_Aim of the task_
Only one stretch of the records below should be repeated. It starts with the line containing "Gain4 : Gain" and goes on through the line containing "Sum4/1 -> Sin2/1, Cos/1", exactly as written.

[Records contained in a dataset]
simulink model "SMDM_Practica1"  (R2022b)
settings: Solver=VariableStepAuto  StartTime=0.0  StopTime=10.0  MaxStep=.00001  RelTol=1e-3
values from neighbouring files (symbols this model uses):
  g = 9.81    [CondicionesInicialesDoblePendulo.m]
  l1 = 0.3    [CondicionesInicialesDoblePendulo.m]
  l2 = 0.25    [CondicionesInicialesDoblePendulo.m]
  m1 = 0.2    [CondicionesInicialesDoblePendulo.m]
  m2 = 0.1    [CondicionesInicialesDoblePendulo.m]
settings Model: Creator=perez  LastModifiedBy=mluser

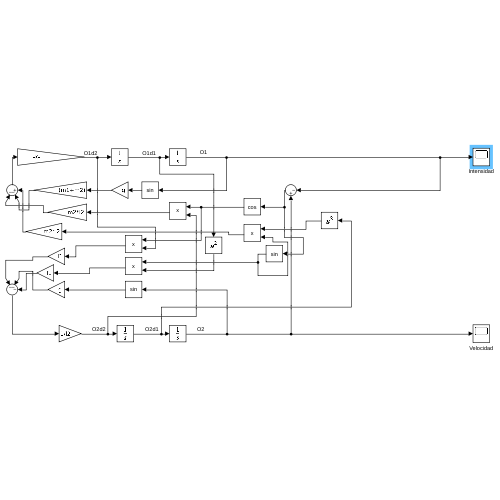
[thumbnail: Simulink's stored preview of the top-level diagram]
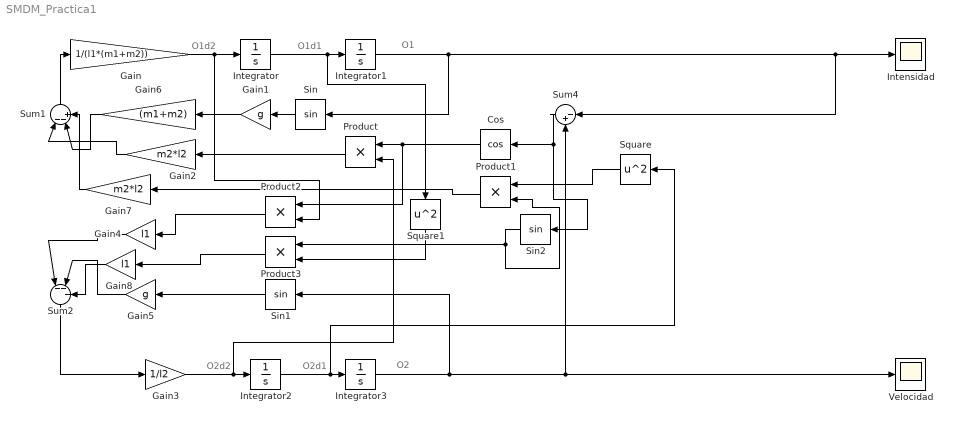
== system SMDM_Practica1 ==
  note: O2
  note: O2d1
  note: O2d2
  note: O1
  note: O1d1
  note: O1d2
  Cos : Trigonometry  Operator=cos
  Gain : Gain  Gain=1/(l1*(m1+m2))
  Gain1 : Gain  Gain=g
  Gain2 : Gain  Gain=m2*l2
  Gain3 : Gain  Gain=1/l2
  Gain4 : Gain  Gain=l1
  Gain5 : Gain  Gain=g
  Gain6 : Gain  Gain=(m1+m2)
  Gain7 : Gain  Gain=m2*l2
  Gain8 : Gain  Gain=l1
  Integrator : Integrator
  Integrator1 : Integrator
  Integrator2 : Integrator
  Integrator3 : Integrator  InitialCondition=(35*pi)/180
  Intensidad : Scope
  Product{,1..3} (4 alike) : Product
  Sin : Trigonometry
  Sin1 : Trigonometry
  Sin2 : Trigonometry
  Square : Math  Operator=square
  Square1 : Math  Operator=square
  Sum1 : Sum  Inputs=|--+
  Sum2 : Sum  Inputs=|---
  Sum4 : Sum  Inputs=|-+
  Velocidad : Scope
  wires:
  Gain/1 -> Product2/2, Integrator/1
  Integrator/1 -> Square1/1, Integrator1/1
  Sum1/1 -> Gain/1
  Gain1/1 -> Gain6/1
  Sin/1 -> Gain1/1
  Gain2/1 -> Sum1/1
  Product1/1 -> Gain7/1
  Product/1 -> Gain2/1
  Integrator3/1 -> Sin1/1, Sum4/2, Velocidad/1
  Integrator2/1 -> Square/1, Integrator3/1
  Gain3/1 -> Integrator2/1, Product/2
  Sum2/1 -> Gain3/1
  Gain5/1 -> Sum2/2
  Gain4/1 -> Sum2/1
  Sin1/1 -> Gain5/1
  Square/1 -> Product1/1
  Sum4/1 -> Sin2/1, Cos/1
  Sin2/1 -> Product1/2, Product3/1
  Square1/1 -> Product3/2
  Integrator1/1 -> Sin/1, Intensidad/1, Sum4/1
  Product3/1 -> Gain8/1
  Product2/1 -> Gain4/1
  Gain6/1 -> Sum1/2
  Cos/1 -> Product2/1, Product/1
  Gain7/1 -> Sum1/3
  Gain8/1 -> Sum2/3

_Written solution_
  Gain4 : Gain  Gain=l1
  Gain5 : Gain  Gain=g
  Gain6 : Gain  Gain=(m1+m2)
  Gain7 : Gain  Gain=m2*l2
  Gain8 : Gain  Gain=l1
  Integrator : Integrator
  Integrator1 : Integrator
  Integrator2 : Integrator
  Integrator3 : Integrator  InitialCondition=(35*pi)/180
  Intensidad : Scope
  Product{,1..3} (4 alike) : Product
  Sin : Trigonometry
  Sin1 : Trigonometry
  Sin2 : Trigonometry
  Square : Math  Operator=square
  Square1 : Math  Operator=square
  Sum1 : Sum  Inputs=|--+
  Sum2 : Sum  Inputs=|---
  Sum4 : Sum  Inputs=|-+
  Velocidad : Scope
  wires:
  Gain/1 -> Product2/2, Integrator/1
  Integrator/1 -> Square1/1, Integrator1/1
  Sum1/1 -> Gain/1
  Gain1/1 -> Gain6/1
  Sin/1 -> Gain1/1
  Gain2/1 -> Sum1/1
  Product1/1 -> Gain7/1
  Product/1 -> Gain2/1
  Integrator3/1 -> Sin1/1, Sum4/2, Velocidad/1
  Integrator2/1 -> Square/1, Integrator3/1
  Gain3/1 -> Integrator2/1, Product/2
  Sum2/1 -> Gain3/1
  Gain5/1 -> Sum2/2
  Gain4/1 -> Sum2/1
  Sin1/1 -> Gain5/1
  Square/1 -> Product1/1
  Sum4/1 -> Sin2/1, Cos/1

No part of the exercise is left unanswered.